Eric Rorabaugh said:


> Why don't you make a detour and bring some of it and some mesquite from Texas through Virginia on your way home!!!!



Why don't you just join us and get some of your own? I've got enough to share with you.

Reactions: Agree 1


----------



## woodtickgreg

Eric Rorabaugh said:


> Why don't you make a detour and bring some of it and some mesquite from Texas through Virginia on your way home!!!!


It's mine I tell you! MINE MINE MINE! ALL MINE!!!

Reactions: Funny 2


----------



## woodtickgreg

I just ate a bunch of baked beans, now I'm eating Brussels sprouts, broccoli, and cauliflower, anyone care to ride along with me?

Reactions: Funny 3


----------



## Tony

woodtickgreg said:


> I just ate a bunch of baked beans, now I'm eating Brussels sprouts, broccoli, and cauliflower, anyone care to ride along with me?



I just had some deviled eggs left from Easter, I'll join you!


----------



## woodtickgreg

I had deviled eggs for lunch, forgot about that, lol.

Reactions: Funny 3


----------



## Bigdrowdy1

Well eating like that should diffidently allow you to turn the heater down with the windows down as well.
Be safe Greg don't push it to hard. Everything will be here when you get here. 
Everyone else be safe as well. By what Greg has said y'all better bring lots of wood. he has a pickup load.
@Tony @woodman6415 @JR Parks @Bean_counter @Kerry Weeks @Mike R and anyone else coming. It is an open invite. Hope I didn't for get anyone.



Rodney

Reactions: Like 3 | Way Cool 1


----------



## Bean_counter

I just met with @Mike R here in Graham you should talk him into coming. He only has a gazillion board feet of mesquite


----------



## Tony

Bean_counter said:


> I just met with @Mike R here in Graham you should talk him into coming. He only has a gazillion board feet of mesquite



I tried to get him to come, but I guess his job is more important than meeting up with us......


----------



## woodtickgreg

Well here I go. Got a full tank of gas and a pick up bed full of wood.

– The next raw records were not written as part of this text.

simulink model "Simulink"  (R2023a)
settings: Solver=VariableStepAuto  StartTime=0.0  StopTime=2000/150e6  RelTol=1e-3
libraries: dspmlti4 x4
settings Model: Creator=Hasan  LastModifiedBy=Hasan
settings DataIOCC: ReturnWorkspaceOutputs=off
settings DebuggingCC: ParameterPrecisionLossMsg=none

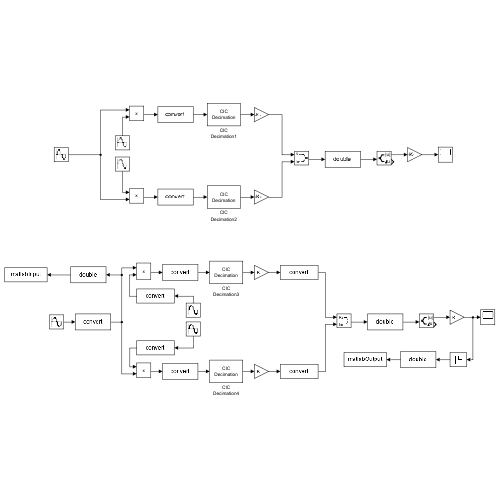
[thumbnail: Simulink's stored preview of the top-level diagram]
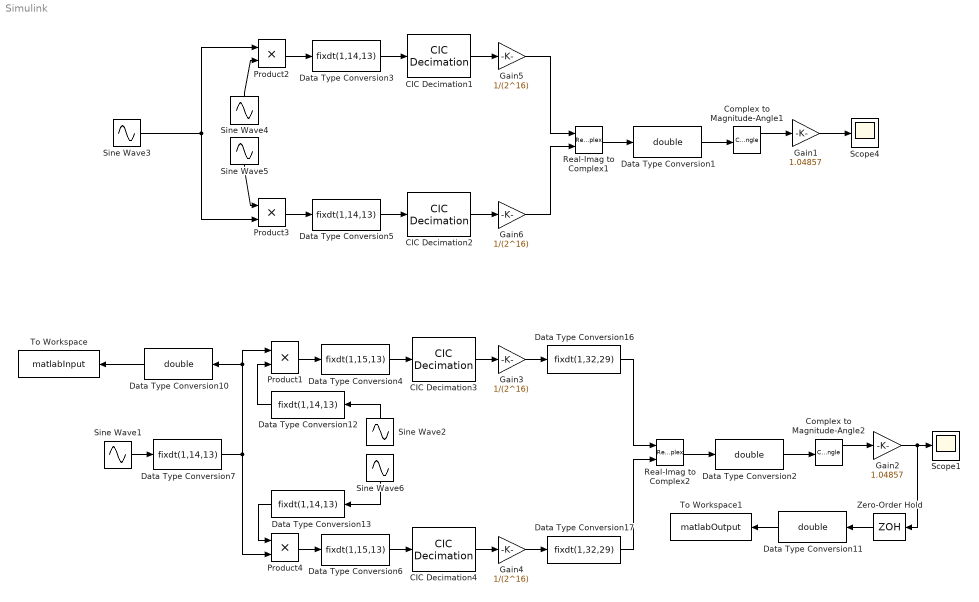
== system Simulink ==
  CIC Decimation1 : dspmlti4/CIC Decimation  filtFrom=Dialog parameters  filtobj=CICDECIM  ftype=Decimator  R=50  M=1  N=3  filterInternals=Full precision  BPS=[16 16 16 16]  FLPS=0  outputWordLength=50  outputFracLength=0  launchFVT=off  framing=Maintain input frame rate  RateOptions=Allow multirate processing
      settings: LibrarySourceBlock=|
      | dsphdlsupportfiltering/CIC
      | Decimation
  CIC Decimation2 : dspmlti4/CIC Decimation  filtFrom=Dialog parameters  filtobj=CICDECIM  ftype=Decimator  R=50  M=1  N=3  filterInternals=Full precision  BPS=[16 16 16 16]  FLPS=0  outputWordLength=50  outputFracLength=0  launchFVT=off  framing=Maintain input frame rate  RateOptions=Allow multirate processing
      settings: LibrarySourceBlock=|
      | dsphdlsupportfiltering/CIC
      | Decimation
  CIC Decimation3 : dspmlti4/CIC Decimation  filtFrom=Dialog parameters  filtobj=CICDECIM  ftype=Decimator  R=50  M=1  N=3  filterInternals=Full precision  BPS=[16 16 16 16]  FLPS=0  outputWordLength=14  outputFracLength=0  launchFVT=off  framing=Maintain input frame rate  RateOptions=Allow multirate processing
      settings: LibrarySourceBlock=|
      | dsphdlsupportfiltering/CIC
      | Decimation
  CIC Decimation4 : dspmlti4/CIC Decimation  filtFrom=Dialog parameters  filtobj=CICDECIM  ftype=Decimator  R=50  M=1  N=3  filterInternals=Full precision  BPS=[16 16 16 16]  FLPS=0  outputWordLength=50  outputFracLength=0  launchFVT=off  framing=Maintain input frame rate  RateOptions=Allow multirate processing
      settings: LibrarySourceBlock=|
      | dsphdlsupportfiltering/CIC
      | Decimation
  Complex to Magnitude-Angle1 : ComplexToMagnitudeAngle
  Complex to Magnitude-Angle2 : ComplexToMagnitudeAngle
  Data Type Conversion{1..2,10..11} (4 alike) : DataTypeConversion  OutDataTypeStr=double  SaturateOnIntegerOverflow=off  RndMeth=Floor
  Data Type Conversion{3,5,7,12..13} (5 alike) : DataTypeConversion  OutDataTypeStr=fixdt(1,14,13)  SaturateOnIntegerOverflow=off  RndMeth=Floor
  Data Type Conversion16 : DataTypeConversion  OutDataTypeStr=fixdt(1,32,29)  SaturateOnIntegerOverflow=off  RndMeth=Floor
  Data Type Conversion17 : DataTypeConversion  OutDataTypeStr=fixdt(1,32,29)  SaturateOnIntegerOverflow=off  RndMeth=Floor
  Data Type Conversion4 : DataTypeConversion  OutDataTypeStr=fixdt(1,15,13)  SaturateOnIntegerOverflow=off  RndMeth=Floor
  Data Type Conversion6 : DataTypeConversion  OutDataTypeStr=fixdt(1,15,13)  SaturateOnIntegerOverflow=off  RndMeth=Floor
  Gain1 : Gain  Gain=1.04857
  Gain2 : Gain  Gain=1.04857  ParamDataTypeStr=fixdt(1,14,12)  OutDataTypeStr=fixdt(1,45,41)
  Gain{3..6} (4 alike) : Gain  Gain=1/(2^16)
  Product{1..4} (4 alike) : Product
  Real-Imag to Complex1 : RealImagToComplex
  Real-Imag to Complex2 : RealImagToComplex
  Scope1 : Scope
  Scope4 : Scope
  Sine Wave1 : Sin  Frequency=2*pi*60e6  SampleTime=1/150e6
  Sine Wave2 : Sin  Frequency=2*pi*60e6  SampleTime=1/150e6
  Sine Wave3 : Sin  Frequency=2*pi*60e6  Phase=pi/4  SampleTime=1/150e6
  Sine Wave4 : Sin  Frequency=2*pi*60e6  SampleTime=1/150e6
  Sine Wave5 : Sin  Frequency=2*pi*60e6  Phase=pi/2  SampleTime=1/150e6
  Sine Wave6 : Sin  Frequency=2*pi*60e6  Phase=pi/2  SampleTime=1/150e6
  To Workspace : ToWorkspace  VariableName=matlabInput  SaveFormat=Timeseries  SampleTime=-1
  To Workspace1 : ToWorkspace  VariableName=matlabOutput  SaveFormat=Timeseries  SampleTime=-1
  Zero-Order Hold : ZeroOrderHold  SampleTime=1/150e6
  wires:
  Real-Imag to Complex1/1 -> Data Type Conversion1/1
  CIC Decimation1/1 -> Gain5/1
  Sine Wave5/1 -> Product3/1
  Sine Wave3/1 -> Product3/2, Product2/1
  Sine Wave4/1 -> Product2/2
  Product3/1 -> Data Type Conversion5/1
  Data Type Conversion3/1 -> CIC Decimation1/1
  Data Type Conversion5/1 -> CIC Decimation2/1
  CIC Decimation2/1 -> Gain6/1
  Data Type Conversion1/1 -> Complex to Magnitude-Angle1/1
  Complex to Magnitude-Angle1/1 -> Gain1/1
  Complex to Magnitude-Angle2/1 -> Gain2/1
  Data Type Conversion2/1 -> Complex to Magnitude-Angle2/1
  Data Type Conversion6/1 -> CIC Decimation4/1
  Data Type Conversion4/1 -> CIC Decimation3/1
  Product4/1 -> Data Type Conversion6/1
  Sine Wave1/1 -> Data Type Conversion7/1
  Sine Wave6/1 -> Data Type Conversion13/1
  Real-Imag to Complex2/1 -> Data Type Conversion2/1
  Data Type Conversion7/1 -> Data Type Conversion10/1, Product1/1, Product4/2
  Data Type Conversion10/1 -> To Workspace/1
  Data Type Conversion11/1 -> To Workspace1/1
  Gain2/1 -> Scope1/1, Zero-Order Hold/1
  Gain4/1 -> Data Type Conversion17/1
  Gain3/1 -> Data Type Conversion16/1
  Gain5/1 -> Real-Imag to Complex1/1
  Gain6/1 -> Real-Imag to Complex1/2
  Sine Wave2/1 -> Data Type Conversion12/1
  Data Type Conversion12/1 -> Product1/2
  Data Type Conversion13/1 -> Product4/1
  Data Type Conversion16/1 -> Real-Imag to Complex2/1
  Data Type Conversion17/1 -> Real-Imag to Complex2/2
  Product2/1 -> Data Type Conversion3/1
  Gain1/1 -> Scope4/1
  Zero-Order Hold/1 -> Data Type Conversion11/1
  CIC Decimation3/1 -> Gain3/1
  Product1/1 -> Data Type Conversion4/1
  CIC Decimation4/1 -> Gain4/1

I'll post a couple of picks every time I stop to keep it interesting. 


 I'll start with some walnut turning stock.
A couple of nice sappy pepper mill blanks in this lot.


 
7:53 pm Thursday night and I'm a rollin.

Reactions: Like 1 | Way Cool 1


----------



## woodman6415

woodtickgreg said:


> Well here I go. Got a full tank of gas and a pick up bed full of wood. I'll post a couple of picks every time I stop to keep it interesting.
> View attachment 144962 I'll start with some walnut turning stock.
> A couple of nice sappy pepper mill blanks in this lot.
> View attachment 144963
> 7:53 pm Thursday night and I'm a rollin.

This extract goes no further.